### TASK DESCRIPTION
Copy the entries below exactly; any picture among them should be left out.
────────────────
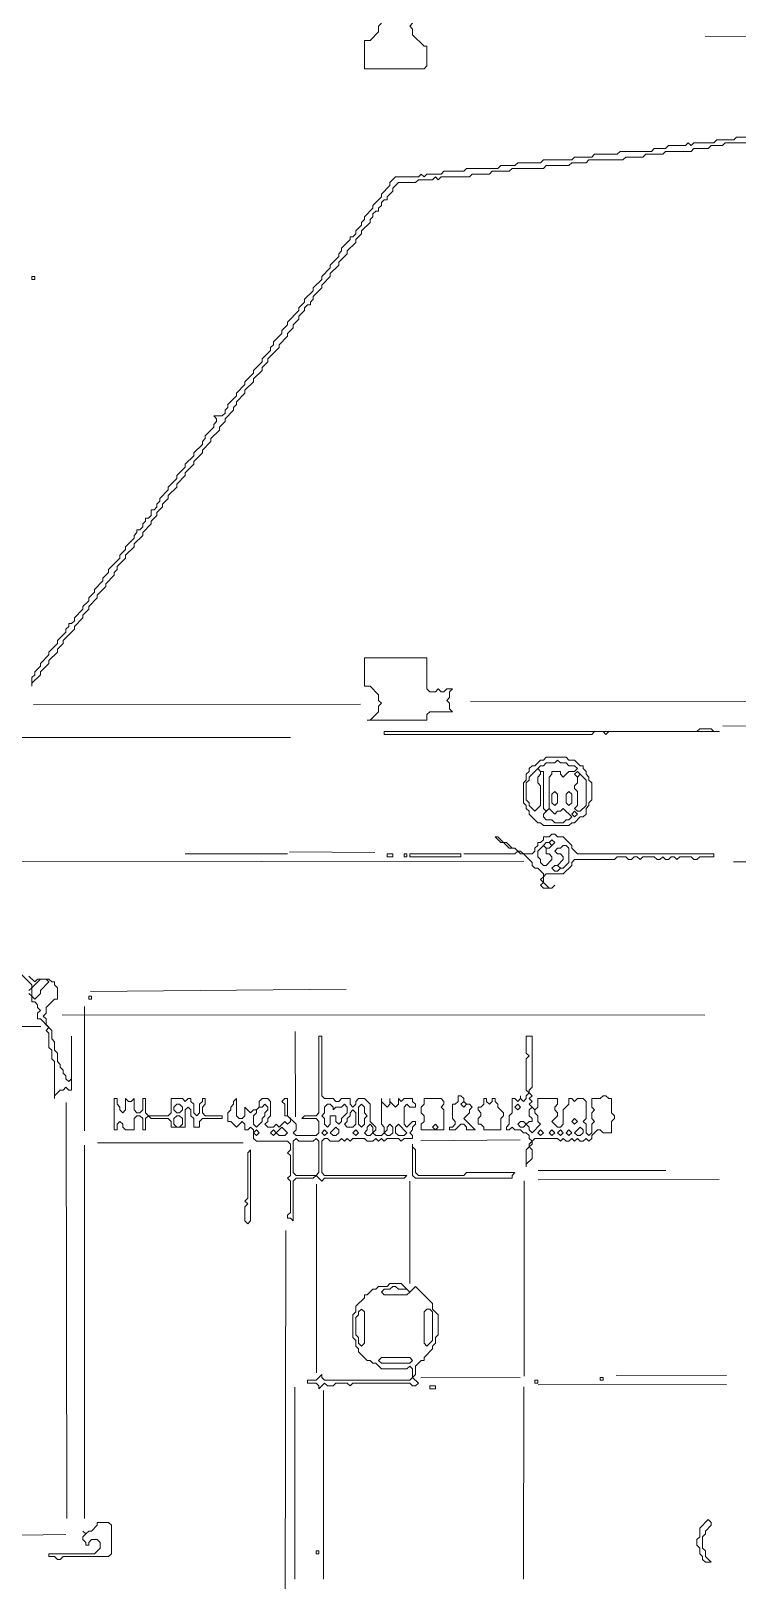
# Model space of a CAD drawing. Extents: x 12 to 2459, y 13 to 1740.
# Drawn here: x 985 to 1233, y 549 to 1094 of the extents above; entities that cross this region are included whole.
import ezdxf

# ---------------------------------------------------------------- set-up
doc = ezdxf.new("R2010")
doc.units = 0
for name, color, linetype, lineweight in [('TEXT_FALLBACK_OUTLINE', 2, 'Continuous', 0), ('TRACE_CURVE', 6, 'Continuous', 0), ('TRACE_STRAIGHT', 5, 'Continuous', 0), ('TRACE_TEXT_SYMBOL', 6, 'Continuous', 0)]:
    doc.layers.add(name, color=color, linetype=linetype, lineweight=lineweight)

msp = doc.modelspace()

# ---------------------------------------------------------------- linework, layer by layer
at = {"layer": 'TEXT_FALLBACK_OUTLINE', "color": 2}
for points in [[(1135, 720), (1135, 718), (1134, 717), (1133, 717), (1133, 712), (1134, 711), (1134, 710), (1133, 709), (1132, 709), (1132, 708), (1134, 708), (1136, 710), (1137, 710), (1138, 709), (1138, 708), (1141, 708), (1137, 712), (1139, 714), (1139, 715), (1140, 716), (1139, 717), (1138, 717), (1137, 718), (1137, 719), (1136, 720)], [(1123, 719), (1123, 717), (1122, 716), (1122, 714), (1123, 713), (1123, 711), (1122, 710), (1122, 708), (1130, 708), (1130, 715), (1129, 716), (1130, 717), (1130, 718), (1129, 719)], [(1136, 717), (1137, 718), (1138, 717), (1137, 716)], [(1144, 719), (1144, 717), (1143, 716), (1142, 716), (1142, 715), (1143, 714), (1143, 713), (1142, 712), (1142, 710), (1143, 710), (1144, 709), (1144, 708), (1150, 708), (1150, 712), (1151, 713), (1151, 714), (1149, 716), (1149, 717), (1148, 718), (1148, 719), (1147, 719), (1147, 718), (1146, 717), (1145, 718), (1145, 719)], [(1126, 709), (1127, 710), (1128, 709), (1127, 708)], [(1119, 703), (1119, 692), (1120, 691), (1154, 691), (1154, 692), (1155, 693), (1138, 693), (1137, 692), (1121, 692), (1120, 693), (1120, 701), (1119, 702)]]:
    msp.add_lwpolyline(points, close=True, dxfattribs=at)
at = {"layer": 'TRACE_CURVE', "color": 6}
for points in [[(1240, 1057), (1233, 1057), (1232, 1056), (1226, 1056), (1225, 1055), (1218, 1055), (1217, 1054), (1216, 1055), (1215, 1054), (1209, 1054), (1208, 1053), (1204, 1053), (1203, 1052), (1192, 1052), (1191, 1051), (1183, 1051), (1182, 1050), (1176, 1050), (1175, 1049), (1165, 1049), (1164, 1048), (1156, 1048), (1155, 1047), (1150, 1047), (1149, 1046), (1138, 1046), (1137, 1045), (1130, 1045), (1129, 1044), (1124, 1044), (1123, 1043), (1122, 1044), (1121, 1043), (1113, 1043), (1111, 1041), (1111, 1040), (1108, 1037), (1108, 1036), (1105, 1033), (1105, 1032), (1102, 1029), (1102, 1028), (1101, 1027), (1101, 1026), (1099, 1024), (1099, 1023), (1098, 1022), (1097, 1022), (1097, 1021), (1094, 1018), (1094, 1017), (1093, 1016), (1093, 1015), (1090, 1012), (1090, 1011), (1087, 1008), (1087, 1007), (1084, 1004), (1084, 1003), (1081, 1000), (1081, 999), (1079, 997), (1079, 996)], [(1112, 1038), (1112, 1039), (1114, 1041), (1120, 1041), (1121, 1042), (1126, 1042), (1127, 1043), (1128, 1042), (1129, 1043), (1139, 1043), (1140, 1044), (1146, 1044), (1147, 1045), (1153, 1045), (1154, 1046), (1165, 1046), (1166, 1047), (1174, 1047), (1175, 1048), (1180, 1048), (1181, 1049), (1193, 1049), (1194, 1050), (1200, 1050), (1201, 1051), (1207, 1051), (1208, 1052), (1217, 1052), (1218, 1053), (1223, 1053), (1224, 1054), (1228, 1054), (1229, 1055), (1242, 1055)], [(1039, 938), (1039, 939), (1042, 942), (1042, 943), (1045, 946), (1045, 947), (1048, 950), (1048, 951), (1051, 954), (1051, 955), (1053, 957), (1053, 958), (1056, 961), (1056, 962), (1057, 963), (1057, 964), (1060, 967), (1060, 968), (1063, 971), (1063, 972), (1066, 975), (1066, 976), (1068, 978), (1068, 979), (1072, 983), (1072, 984), (1075, 987), (1075, 988), (1077, 990), (1077, 991), (1079, 993), (1079, 994), (1081, 996), (1081, 997), (1082, 998), (1083, 998), (1083, 999), (1084, 1000), (1084, 1001), (1087, 1004), (1087, 1005), (1090, 1008), (1090, 1009), (1093, 1012), (1093, 1013), (1096, 1016), (1096, 1017), (1099, 1020), (1099, 1021), (1101, 1023), (1101, 1024), (1104, 1027), (1104, 1028), (1105, 1029), (1105, 1030), (1106, 1031), (1107, 1031), (1107, 1032), (1108, 1033), (1108, 1034), (1109, 1035), (1110, 1035), (1110, 1036), (1112, 1038)], [(1079, 996), (1075, 992), (1075, 991), (1073, 989), (1073, 988), (1070, 985), (1070, 984), (1069, 983), (1069, 982), (1066, 979), (1066, 978), (1063, 975), (1063, 974), (1060, 971), (1060, 970), (1057, 967), (1057, 966), (1054, 963), (1054, 962), (1053, 961), (1053, 960), (1052, 959), (1049, 959), (1050, 958), (1050, 957), (1049, 956), (1049, 955), (1046, 952), (1046, 951), (1045, 950), (1045, 949), (1042, 946), (1042, 945), (1039, 942), (1039, 941), (1036, 938), (1036, 937), (1033, 934), (1033, 933), (1030, 930), (1030, 929), (1029, 928), (1029, 927), (1028, 926), (1027, 926), (1027, 924), (1026, 923), (1025, 923), (1025, 922), (1024, 921), (1024, 920), (1023, 919), (1022, 919), (1022, 918), (1021, 917), (1021, 916), (1018, 913), (1018, 912), (1016, 910), (1016, 909), (1012, 905), (1012, 904), (1010, 902), (1010, 901)], [(1010, 901), (1007, 898), (1007, 897), (1005, 895), (1005, 894), (1003, 892), (1003, 891), (1000, 888), (1000, 887), (999, 886), (998, 886), (998, 885), (997, 884), (997, 883), (994, 880), (994, 879), (991, 876), (991, 875), (988, 872), (988, 871), (986, 869), (986, 868), (985, 867), (985, 864), (985, 865), (988, 868), (988, 869), (991, 872), (991, 873), (994, 876), (994, 877), (996, 879), (996, 880), (1000, 884), (1000, 885), (1003, 888), (1003, 889), (1005, 891), (1005, 892), (1008, 895), (1008, 896), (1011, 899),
────────────────
### OUTPUT FOR THIS TASK
# Model space of a CAD drawing. Extents: x 12 to 2459, y 13 to 1740.
# Drawn here: x 985 to 1233, y 549 to 1094 of the extents above; entities that cross this region are included whole.
import ezdxf

# ---------------------------------------------------------------- set-up
doc = ezdxf.new("R2010")
doc.units = 0
for name, color, linetype, lineweight in [('TEXT_FALLBACK_OUTLINE', 2, 'Continuous', 0), ('TRACE_CURVE', 6, 'Continuous', 0), ('TRACE_STRAIGHT', 5, 'Continuous', 0), ('TRACE_TEXT_SYMBOL', 6, 'Continuous', 0)]:
    doc.layers.add(name, color=color, linetype=linetype, lineweight=lineweight)

msp = doc.modelspace()

# ---------------------------------------------------------------- linework, layer by layer
at = {"layer": 'TEXT_FALLBACK_OUTLINE', "color": 2}
for points in [[(1135, 720), (1135, 718), (1134, 717), (1133, 717), (1133, 712), (1134, 711), (1134, 710), (1133, 709), (1132, 709), (1132, 708), (1134, 708), (1136, 710), (1137, 710), (1138, 709), (1138, 708), (1141, 708), (1137, 712), (1139, 714), (1139, 715), (1140, 716), (1139, 717), (1138, 717), (1137, 718), (1137, 719), (1136, 720)], [(1123, 719), (1123, 717), (1122, 716), (1122, 714), (1123, 713), (1123, 711), (1122, 710), (1122, 708), (1130, 708), (1130, 715), (1129, 716), (1130, 717), (1130, 718), (1129, 719)], [(1136, 717), (1137, 718), (1138, 717), (1137, 716)], [(1144, 719), (1144, 717), (1143, 716), (1142, 716), (1142, 715), (1143, 714), (1143, 713), (1142, 712), (1142, 710), (1143, 710), (1144, 709), (1144, 708), (1150, 708), (1150, 712), (1151, 713), (1151, 714), (1149, 716), (1149, 717), (1148, 718), (1148, 719), (1147, 719), (1147, 718), (1146, 717), (1145, 718), (1145, 719)], [(1126, 709), (1127, 710), (1128, 709), (1127, 708)], [(1119, 703), (1119, 692), (1120, 691), (1154, 691), (1154, 692), (1155, 693), (1138, 693), (1137, 692), (1121, 692), (1120, 693), (1120, 701), (1119, 702)]]:
    msp.add_lwpolyline(points, close=True, dxfattribs=at)
at = {"layer": 'TRACE_CURVE', "color": 6}
for points in [[(1240, 1057), (1233, 1057), (1232, 1056), (1226, 1056), (1225, 1055), (1218, 1055), (1217, 1054), (1216, 1055), (1215, 1054), (1209, 1054), (1208, 1053), (1204, 1053), (1203, 1052), (1192, 1052), (1191, 1051), (1183, 1051), (1182, 1050), (1176, 1050), (1175, 1049), (1165, 1049), (1164, 1048), (1156, 1048), (1155, 1047), (1150, 1047), (1149, 1046), (1138, 1046), (1137, 1045), (1130, 1045), (1129, 1044), (1124, 1044), (1123, 1043), (1122, 1044), (1121, 1043), (1113, 1043), (1111, 1041), (1111, 1040), (1108, 1037), (1108, 1036), (1105, 1033), (1105, 1032), (1102, 1029), (1102, 1028), (1101, 1027), (1101, 1026), (1099, 1024), (1099, 1023), (1098, 1022), (1097, 1022), (1097, 1021), (1094, 1018), (1094, 1017), (1093, 1016), (1093, 1015), (1090, 1012), (1090, 1011), (1087, 1008), (1087, 1007), (1084, 1004), (1084, 1003), (1081, 1000), (1081, 999), (1079, 997), (1079, 996)], [(1112, 1038), (1112, 1039), (1114, 1041), (1120, 1041), (1121, 1042), (1126, 1042), (1127, 1043), (1128, 1042), (1129, 1043), (1139, 1043), (1140, 1044), (1146, 1044), (1147, 1045), (1153, 1045), (1154, 1046), (1165, 1046), (1166, 1047), (1174, 1047), (1175, 1048), (1180, 1048), (1181, 1049), (1193, 1049), (1194, 1050), (1200, 1050), (1201, 1051), (1207, 1051), (1208, 1052), (1217, 1052), (1218, 1053), (1223, 1053), (1224, 1054), (1228, 1054), (1229, 1055), (1242, 1055)], [(1039, 938), (1039, 939), (1042, 942), (1042, 943), (1045, 946), (1045, 947), (1048, 950), (1048, 951), (1051, 954), (1051, 955), (1053, 957), (1053, 958), (1056, 961), (1056, 962), (1057, 963), (1057, 964), (1060, 967), (1060, 968), (1063, 971), (1063, 972), (1066, 975), (1066, 976), (1068, 978), (1068, 979), (1072, 983), (1072, 984), (1075, 987), (1075, 988), (1077, 990), (1077, 991), (1079, 993), (1079, 994), (1081, 996), (1081, 997), (1082, 998), (1083, 998), (1083, 999), (1084, 1000), (1084, 1001), (1087, 1004), (1087, 1005), (1090, 1008), (1090, 1009), (1093, 1012), (1093, 1013), (1096, 1016), (1096, 1017), (1099, 1020), (1099, 1021), (1101, 1023), (1101, 1024), (1104, 1027), (1104, 1028), (1105, 1029), (1105, 1030), (1106, 1031), (1107, 1031), (1107, 1032), (1108, 1033), (1108, 1034), (1109, 1035), (1110, 1035), (1110, 1036), (1112, 1038)], [(1079, 996), (1075, 992), (1075, 991), (1073, 989), (1073, 988), (1070, 985), (1070, 984), (1069, 983), (1069, 982), (1066, 979), (1066, 978), (1063, 975), (1063, 974), (1060, 971), (1060, 970), (1057, 967), (1057, 966), (1054, 963), (1054, 962), (1053, 961), (1053, 960), (1052, 959), (1049, 959), (1050, 958), (1050, 957), (1049, 956), (1049, 955), (1046, 952), (1046, 951), (1045, 950), (1045, 949), (1042, 946), (1042, 945), (1039, 942), (1039, 941), (1036, 938), (1036, 937), (1033, 934), (1033, 933), (1030, 930), (1030, 929), (1029, 928), (1029, 927), (1028, 926), (1027, 926), (1027, 924), (1026, 923), (1025, 923), (1025, 922), (1024, 921), (1024, 920), (1023, 919), (1022, 919), (1022, 918), (1021, 917), (1021, 916), (1018, 913), (1018, 912), (1016, 910), (1016, 909), (1012, 905), (1012, 904), (1010, 902), (1010, 901)], [(1010, 901), (1007, 898), (1007, 897), (1005, 895), (1005, 894), (1003, 892), (1003, 891), (1000, 888), (1000, 887), (999, 886), (998, 886), (998, 885), (997, 884), (997, 883), (994, 880), (994, 879), (991, 876), (991, 875), (988, 872), (988, 871), (986, 869), (986, 868), (985, 867), (985, 864), (985, 865), (988, 868), (988, 869), (991, 872), (991, 873), (994, 876), (994, 877), (996, 879), (996, 880), (1000, 884), (1000, 885), (1003, 888), (1003, 889), (1005, 891), (1005, 892), (1008, 895), (1008, 896), (1011, 899),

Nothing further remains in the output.